Mavs won't win the title this year, in case you're wondering.


----------



## merc_cuban (Jan 18, 2004)

> Originally posted by <b>b-diddy</b>!
> woohoo. you know if everyone posted when their favorite team moved a single spot in the rankings this board and made replys instead of simply editing the link into your intital post this forum would be horribly overpopulated with completely unneccesary threads.

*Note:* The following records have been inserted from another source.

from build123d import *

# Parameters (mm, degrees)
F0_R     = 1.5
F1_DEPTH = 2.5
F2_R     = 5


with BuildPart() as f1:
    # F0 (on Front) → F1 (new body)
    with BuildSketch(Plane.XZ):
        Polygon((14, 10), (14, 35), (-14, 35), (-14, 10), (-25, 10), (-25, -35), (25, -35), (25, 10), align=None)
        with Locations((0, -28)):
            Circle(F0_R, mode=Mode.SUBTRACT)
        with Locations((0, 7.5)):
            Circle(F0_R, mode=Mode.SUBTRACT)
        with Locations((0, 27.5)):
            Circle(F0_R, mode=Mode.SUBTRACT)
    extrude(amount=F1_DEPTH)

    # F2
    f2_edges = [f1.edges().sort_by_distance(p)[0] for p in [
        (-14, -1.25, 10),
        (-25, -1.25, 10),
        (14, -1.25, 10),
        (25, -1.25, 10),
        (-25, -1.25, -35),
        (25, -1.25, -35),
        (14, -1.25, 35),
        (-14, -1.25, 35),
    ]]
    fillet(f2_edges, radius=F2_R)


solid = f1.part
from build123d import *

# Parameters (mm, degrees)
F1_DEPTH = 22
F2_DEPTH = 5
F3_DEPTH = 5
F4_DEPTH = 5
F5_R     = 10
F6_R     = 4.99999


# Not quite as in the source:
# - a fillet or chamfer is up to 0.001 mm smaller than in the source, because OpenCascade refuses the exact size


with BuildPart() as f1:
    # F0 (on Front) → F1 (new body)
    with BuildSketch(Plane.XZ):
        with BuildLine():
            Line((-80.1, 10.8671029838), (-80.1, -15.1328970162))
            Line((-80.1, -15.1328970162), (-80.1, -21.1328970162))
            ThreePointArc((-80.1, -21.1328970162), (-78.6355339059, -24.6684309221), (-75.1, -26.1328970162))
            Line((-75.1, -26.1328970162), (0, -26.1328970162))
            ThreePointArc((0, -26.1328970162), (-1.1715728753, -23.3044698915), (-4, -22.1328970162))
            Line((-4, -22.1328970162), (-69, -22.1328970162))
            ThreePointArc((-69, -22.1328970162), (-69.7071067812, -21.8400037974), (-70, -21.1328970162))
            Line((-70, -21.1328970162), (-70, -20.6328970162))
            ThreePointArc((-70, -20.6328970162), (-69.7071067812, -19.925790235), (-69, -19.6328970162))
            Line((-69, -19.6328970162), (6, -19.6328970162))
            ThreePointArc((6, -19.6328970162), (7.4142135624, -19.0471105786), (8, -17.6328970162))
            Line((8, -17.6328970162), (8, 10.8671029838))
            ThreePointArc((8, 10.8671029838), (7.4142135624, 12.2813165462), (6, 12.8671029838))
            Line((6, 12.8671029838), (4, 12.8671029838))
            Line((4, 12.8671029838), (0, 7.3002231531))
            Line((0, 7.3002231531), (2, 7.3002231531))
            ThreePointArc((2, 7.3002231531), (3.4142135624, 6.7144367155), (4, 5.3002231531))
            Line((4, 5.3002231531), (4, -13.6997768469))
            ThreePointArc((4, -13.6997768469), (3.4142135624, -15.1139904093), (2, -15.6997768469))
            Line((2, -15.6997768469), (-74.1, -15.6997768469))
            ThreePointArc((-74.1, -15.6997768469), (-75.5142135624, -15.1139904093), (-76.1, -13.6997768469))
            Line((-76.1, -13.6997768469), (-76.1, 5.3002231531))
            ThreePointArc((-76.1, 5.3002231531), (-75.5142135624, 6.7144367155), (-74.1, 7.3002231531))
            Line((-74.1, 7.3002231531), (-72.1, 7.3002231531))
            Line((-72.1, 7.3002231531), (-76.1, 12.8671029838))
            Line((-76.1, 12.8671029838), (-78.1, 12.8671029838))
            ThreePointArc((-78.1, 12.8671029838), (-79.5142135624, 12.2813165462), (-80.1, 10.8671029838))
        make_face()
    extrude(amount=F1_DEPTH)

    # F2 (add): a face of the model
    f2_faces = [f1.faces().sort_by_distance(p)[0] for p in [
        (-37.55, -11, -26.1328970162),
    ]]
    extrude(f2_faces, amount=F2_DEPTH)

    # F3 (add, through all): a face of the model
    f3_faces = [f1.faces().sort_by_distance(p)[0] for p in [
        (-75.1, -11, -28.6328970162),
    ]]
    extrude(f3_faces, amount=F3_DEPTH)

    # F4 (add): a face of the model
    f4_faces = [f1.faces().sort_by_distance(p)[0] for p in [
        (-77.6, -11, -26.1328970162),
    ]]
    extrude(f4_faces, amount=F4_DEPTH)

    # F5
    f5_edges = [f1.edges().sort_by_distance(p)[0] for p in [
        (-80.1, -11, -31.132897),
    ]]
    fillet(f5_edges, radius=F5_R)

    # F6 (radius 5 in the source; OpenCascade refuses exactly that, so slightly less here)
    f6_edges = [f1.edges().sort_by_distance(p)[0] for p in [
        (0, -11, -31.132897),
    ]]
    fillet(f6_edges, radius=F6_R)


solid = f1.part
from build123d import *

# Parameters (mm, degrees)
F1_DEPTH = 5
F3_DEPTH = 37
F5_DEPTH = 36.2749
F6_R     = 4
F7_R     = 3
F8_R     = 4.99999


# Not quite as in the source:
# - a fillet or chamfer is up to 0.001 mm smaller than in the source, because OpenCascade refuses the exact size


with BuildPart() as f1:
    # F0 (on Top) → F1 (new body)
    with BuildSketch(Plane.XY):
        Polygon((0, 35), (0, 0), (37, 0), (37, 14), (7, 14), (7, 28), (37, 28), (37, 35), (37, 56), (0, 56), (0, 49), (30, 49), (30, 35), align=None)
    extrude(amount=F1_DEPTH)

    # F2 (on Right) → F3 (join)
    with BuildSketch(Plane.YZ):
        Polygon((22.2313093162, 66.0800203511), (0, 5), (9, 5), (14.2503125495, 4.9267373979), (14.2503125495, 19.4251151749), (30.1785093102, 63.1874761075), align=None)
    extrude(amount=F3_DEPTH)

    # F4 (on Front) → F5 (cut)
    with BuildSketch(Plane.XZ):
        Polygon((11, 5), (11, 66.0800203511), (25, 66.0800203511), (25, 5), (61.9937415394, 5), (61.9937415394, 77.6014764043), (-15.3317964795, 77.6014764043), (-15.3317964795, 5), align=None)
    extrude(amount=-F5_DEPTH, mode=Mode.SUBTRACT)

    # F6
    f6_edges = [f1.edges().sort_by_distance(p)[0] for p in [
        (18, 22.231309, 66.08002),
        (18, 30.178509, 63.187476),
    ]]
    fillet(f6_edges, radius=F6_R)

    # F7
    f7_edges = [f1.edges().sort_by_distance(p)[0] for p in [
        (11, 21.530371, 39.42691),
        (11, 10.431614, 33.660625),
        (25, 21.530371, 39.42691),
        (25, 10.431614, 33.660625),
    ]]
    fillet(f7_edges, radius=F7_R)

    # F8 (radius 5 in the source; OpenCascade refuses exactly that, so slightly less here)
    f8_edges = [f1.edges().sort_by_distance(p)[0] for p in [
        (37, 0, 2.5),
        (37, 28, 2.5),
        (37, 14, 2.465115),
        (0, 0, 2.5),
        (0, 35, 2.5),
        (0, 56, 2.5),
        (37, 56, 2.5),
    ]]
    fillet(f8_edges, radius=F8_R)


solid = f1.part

why is it everytime I post a thread peeps have to be on some dumb stuff? Getting homecourt in the west is a very big thing considering all of the good teams in the west and the mavs early struggles on the road. I mean around this time last week the mavs were like in 6th or 7th place. If you dont' understand then maybe you just don't know bball the way you think you do. *shrugs*


----------



## LegoHat (Jan 14, 2004)

Mavs are looking good, and they can be much better. However I still think the Lake Show or the Wolves will win it...


----------



## ToddMacCulloch11 (May 31, 2003)

mavs look very good, but we dont need a thread for when a team changes its ranking.


----------



## Cometsbiggestfan (May 14, 2003)

> Originally posted by <b>merc_cuban</b>!
> yep steady on the rise. Can't stop wont' stop




That's nice. It's about time.


----------



## Kunlun (Jun 22, 2003)

At the begining of the season I predicted the Mavs to have the best record in the NBA by the end of the season. Looks like they are heading the right direction after a slow start.


----------



## LionOfJudah (May 27, 2003)

> Originally posted by <b>KL Dawger</b>!
> At the begining of the season I predicted the Mavs to have the best record in the NBA by the end of the season. Looks like they are heading the right direction after a slow start.


It just takes some time to adjust to the new faces... the Twolves didn't look so hot early in the season, but they finally started clicking with one an other. Now look where they are at.


----------



## Nashdaddy25 (Jan 13, 2004)

> Originally posted by <b>stevemc</b>!
> 
> 
> It just takes some time to adjust to the new faces... the Twolves didn't look so hot early in the season, but they finally started clicking with one an other. Now look where they are at.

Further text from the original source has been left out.